I think most folks would agree that you should start with a lathe. It is considered the queen of machine tools (shouldn't that be king?). Most fundamental operations involve turning and with milling attachments you can also do milling operations.

I've never used combo machines although a lot of fine work has come from them. However, I have to think that any compromises made to accommodate both milling and turning would have to somehow reduce the effectiveness of either. There seems to be limited acceptance of the combo machines in the experienced machinist world, or at least that is my opinion.

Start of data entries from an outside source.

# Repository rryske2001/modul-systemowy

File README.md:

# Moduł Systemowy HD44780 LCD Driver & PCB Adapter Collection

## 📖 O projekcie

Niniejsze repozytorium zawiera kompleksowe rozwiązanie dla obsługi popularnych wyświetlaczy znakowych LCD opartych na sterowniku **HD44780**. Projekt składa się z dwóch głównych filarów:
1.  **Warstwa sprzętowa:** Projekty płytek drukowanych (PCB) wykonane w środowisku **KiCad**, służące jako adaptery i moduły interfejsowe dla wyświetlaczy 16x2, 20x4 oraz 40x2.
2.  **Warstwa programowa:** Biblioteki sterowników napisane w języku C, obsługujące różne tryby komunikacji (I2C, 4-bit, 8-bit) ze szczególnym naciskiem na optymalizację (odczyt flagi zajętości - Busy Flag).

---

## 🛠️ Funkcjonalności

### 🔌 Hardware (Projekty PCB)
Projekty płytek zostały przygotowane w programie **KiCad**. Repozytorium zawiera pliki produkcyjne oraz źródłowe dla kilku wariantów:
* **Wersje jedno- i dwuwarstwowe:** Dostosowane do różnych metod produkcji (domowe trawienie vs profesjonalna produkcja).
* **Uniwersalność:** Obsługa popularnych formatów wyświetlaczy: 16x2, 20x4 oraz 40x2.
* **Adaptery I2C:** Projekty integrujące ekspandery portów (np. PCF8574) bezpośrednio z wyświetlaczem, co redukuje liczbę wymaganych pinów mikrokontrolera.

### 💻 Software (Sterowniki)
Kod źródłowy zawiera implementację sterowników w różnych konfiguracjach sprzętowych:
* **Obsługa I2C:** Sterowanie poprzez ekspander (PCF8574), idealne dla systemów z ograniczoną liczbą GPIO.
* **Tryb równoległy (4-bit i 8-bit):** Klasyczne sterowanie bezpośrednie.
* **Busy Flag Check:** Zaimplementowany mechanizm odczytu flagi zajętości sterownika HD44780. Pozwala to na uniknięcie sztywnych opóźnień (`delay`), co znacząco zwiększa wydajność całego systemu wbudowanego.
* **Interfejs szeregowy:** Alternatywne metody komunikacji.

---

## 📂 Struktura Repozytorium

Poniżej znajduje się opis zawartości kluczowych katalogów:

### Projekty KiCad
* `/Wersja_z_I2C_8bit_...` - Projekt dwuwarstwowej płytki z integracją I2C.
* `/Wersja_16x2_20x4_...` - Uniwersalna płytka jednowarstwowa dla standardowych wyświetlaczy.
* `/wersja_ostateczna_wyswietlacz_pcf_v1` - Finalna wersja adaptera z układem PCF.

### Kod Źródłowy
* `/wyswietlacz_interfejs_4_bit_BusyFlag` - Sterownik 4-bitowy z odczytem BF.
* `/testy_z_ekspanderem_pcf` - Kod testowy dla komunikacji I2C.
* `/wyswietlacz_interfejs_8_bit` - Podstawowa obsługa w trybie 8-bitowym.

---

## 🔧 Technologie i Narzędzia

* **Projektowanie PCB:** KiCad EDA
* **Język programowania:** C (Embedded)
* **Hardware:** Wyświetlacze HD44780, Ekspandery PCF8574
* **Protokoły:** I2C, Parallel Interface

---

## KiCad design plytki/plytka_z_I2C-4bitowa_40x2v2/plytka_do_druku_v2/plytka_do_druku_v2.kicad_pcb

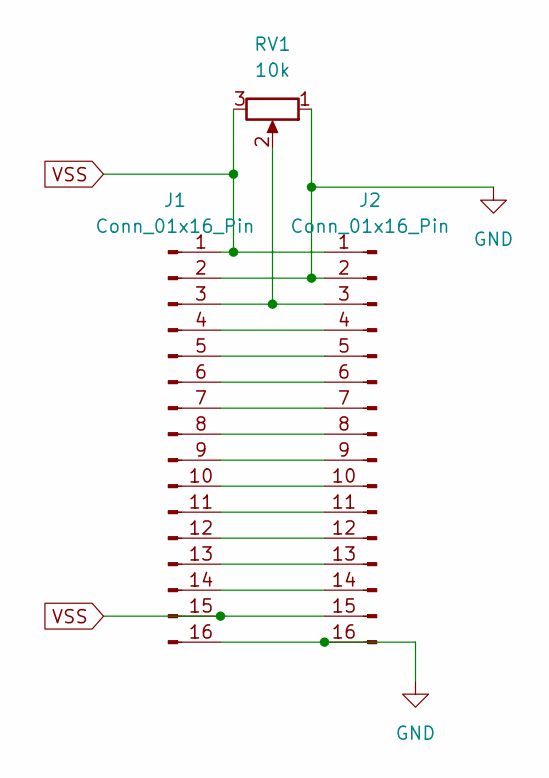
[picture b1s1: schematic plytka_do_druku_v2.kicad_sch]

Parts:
J1: Conn_01x16_Pin; PinSocket_1x16_P2.54mm_Vertical
J2: Conn_01x16_Pin; waski
RV1: 10k; Potentiometer_Alps_RK09Y11_Single_Horizontal

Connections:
GND: J1.2, J1.16, J2.2, J2.16, RV1.1
unnamed: J1.3, J2.3, RV1.2
unnamed: J1.4, J2.4
unnamed: J1.5, J2.5
unnamed: J1.6, J2.6
unnamed: J1.7, J2.7
unnamed: J1.8, J2.8
unnamed: J1.9, J2.9
unnamed: J1.10, J2.10
unnamed: J1.11, J2.11
unnamed: J1.12, J2.12
unnamed: J1.13, J2.13
unnamed: J1.14, J2.14
VSS: J1.1, J1.15, J2.1, J2.15, RV1.3

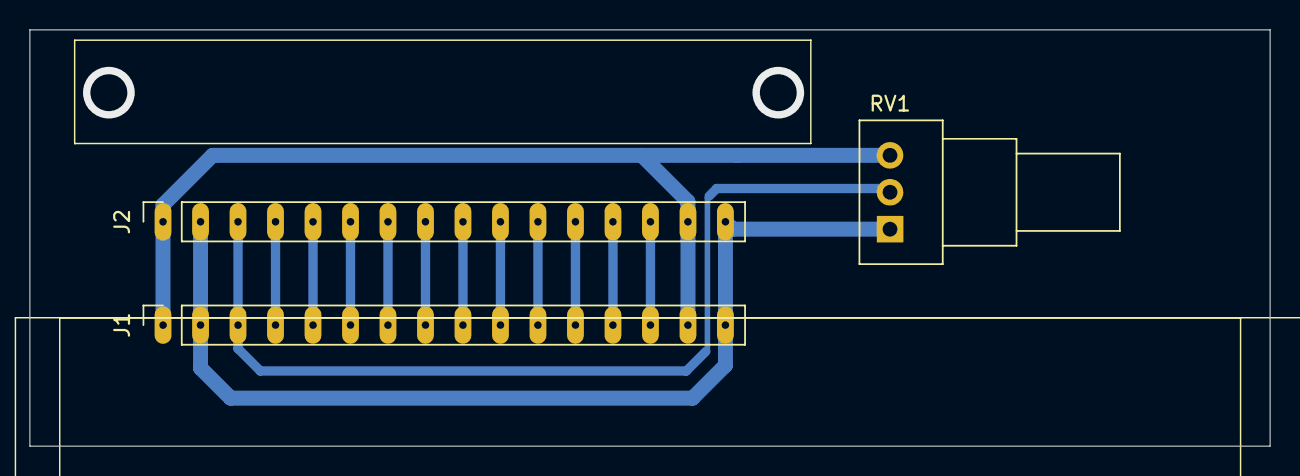
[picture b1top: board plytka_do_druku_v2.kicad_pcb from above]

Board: 2 copper layers, 84.0 x 28.2 mm, 3 parts (0 on the bottom side), 14 nets.

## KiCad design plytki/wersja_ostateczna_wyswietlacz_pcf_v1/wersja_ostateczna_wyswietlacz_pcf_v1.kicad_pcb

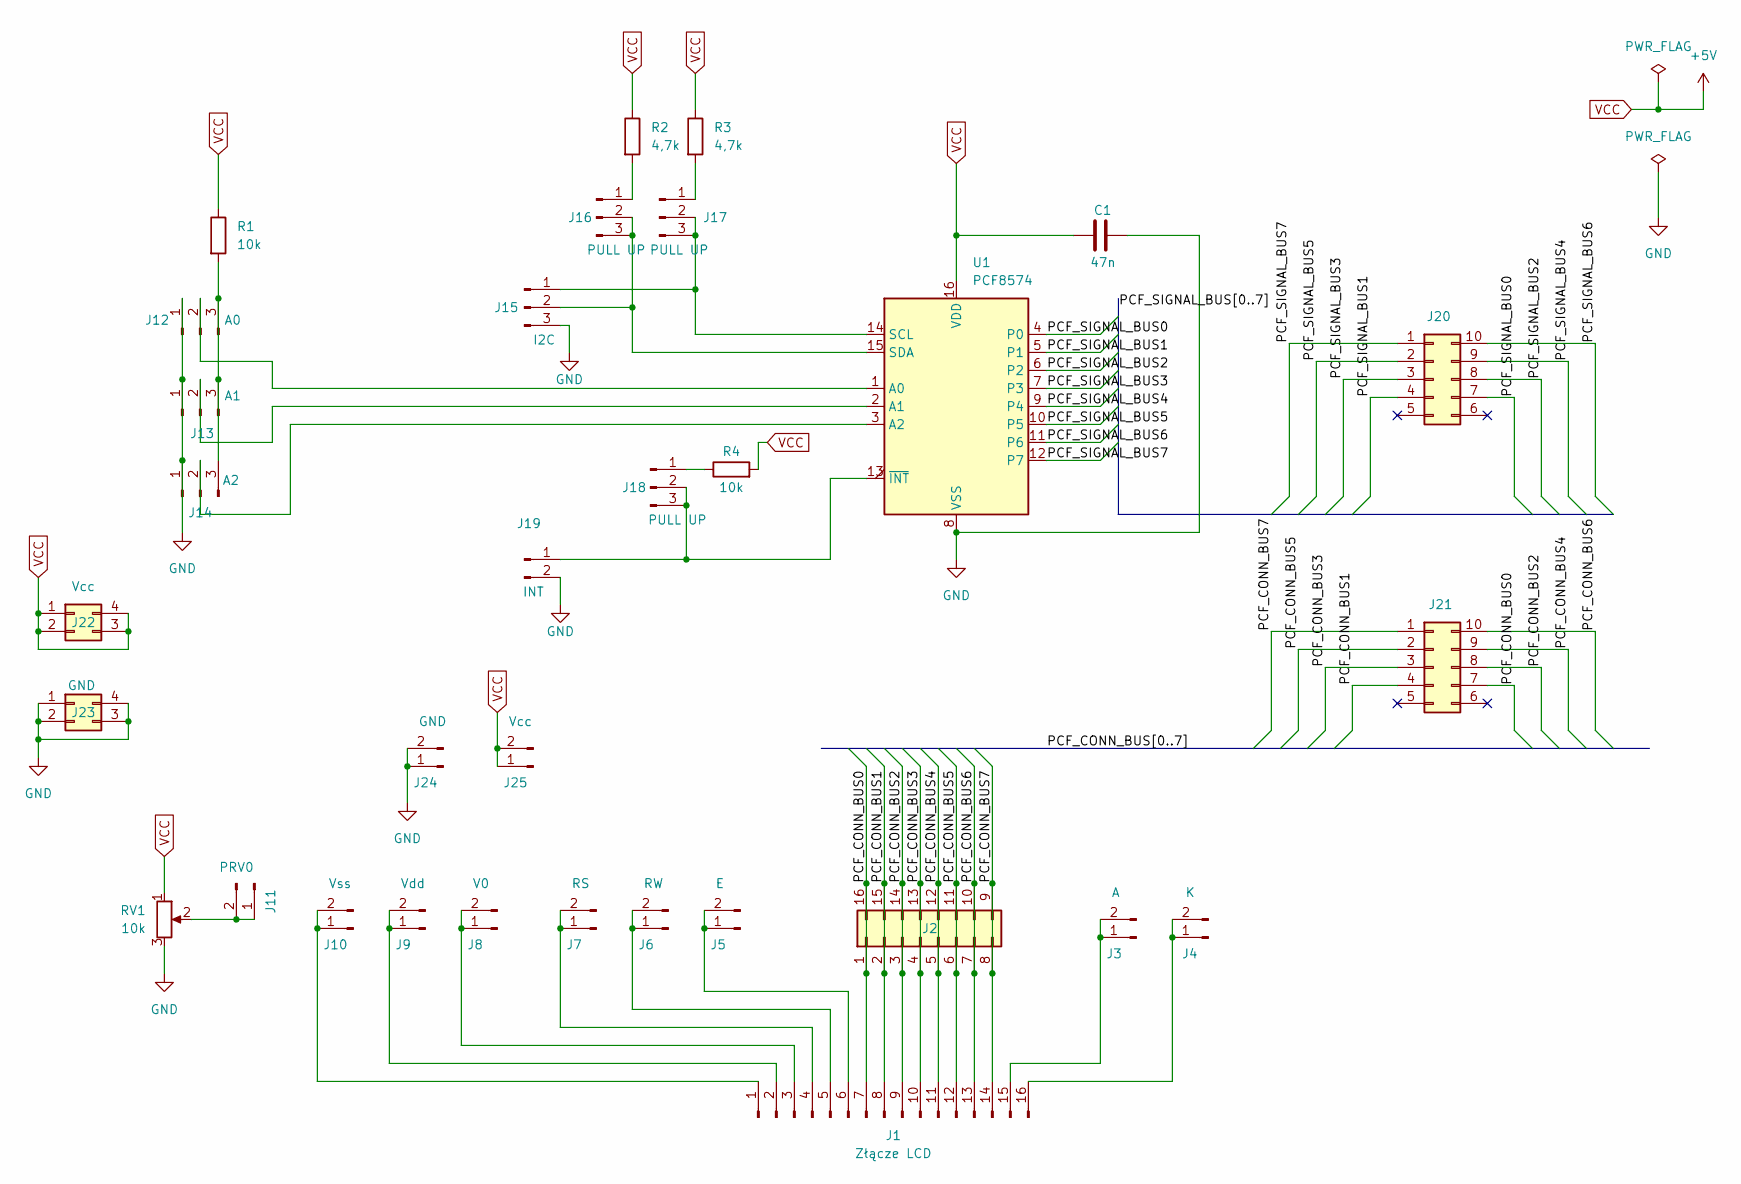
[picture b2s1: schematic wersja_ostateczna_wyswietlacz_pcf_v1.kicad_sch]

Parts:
C1: 47n; C_Disc_D8.0mm_W2.5mm_P5.00mm
J1: Złącze LCD; PinSocket_1x16_P2.54mm_Vertical
J2: Conn_02x08_Counter_Clockwise; PinSocket_2x08_P2.54mm_Vertical
J3: A; PinSocket_1x02_P2.54mm_Vertical_square
J4: K; PinSocket_1x02_P2.54mm_Vertical_square
J5: E; PinSocket_1x02_P2.54mm_Vertical_square
J6: RW; PinSocket_1x02_P2.54mm_Vertical_square
J7: RS; PinSocket_1x02_P2.54mm_Vertical_square
J8: V0; PinSocket_1x02_P2.54mm_Vertical_square
J9: Vdd; PinSocket_1x02_P2.54mm_Vertical_square
J10: Vss; PinSocket_1x02_P2.54mm_Vertical_square
J11: PRV0; PinSocket_1x02_P2.54mm_Vertical_square
J12: A0; PinSocket_1x03_P2.54mm_Vertical
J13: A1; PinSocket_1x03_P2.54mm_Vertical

As Bill states, bigger is better, and in my opinion there is nothing wrong with the imports, particularly if you buy from a reputable dealer. Evern Harbor Freight will let you return the lathe if it proves unsatisfactory. 

Chuck


----------



## RobWilson (Aug 21, 2009)

Hi Glenn,
PhiberOptix, has made a very nice job of building his Elmer's Tiny on a combo, they seem a very versatile machine ,if your short on space it may be the way to go.
http://www.homemodelenginemachinist.com/index.php?topic=5725.0 

Regards Rob


----------



## Tin Falcon (Aug 21, 2009)

Glen:

setting up a shop can seem overwhelming not knowing where to start. 
you have to decide your priorities like :
budget 
where are you setting up shop.
floor /bench / shop space available. 
what size projects do you want to build.
Is Made in USA important 

I tell folks get the biggest 
best equipment that you
can afford 
have room for 
can move safely.

Take a look at 

http://www.taigtools.com/

http://www.sherline.com/

in the import line 
the 7 x 10,12,14 lathes and x-2 sizes mill are popular starter hobby machines. 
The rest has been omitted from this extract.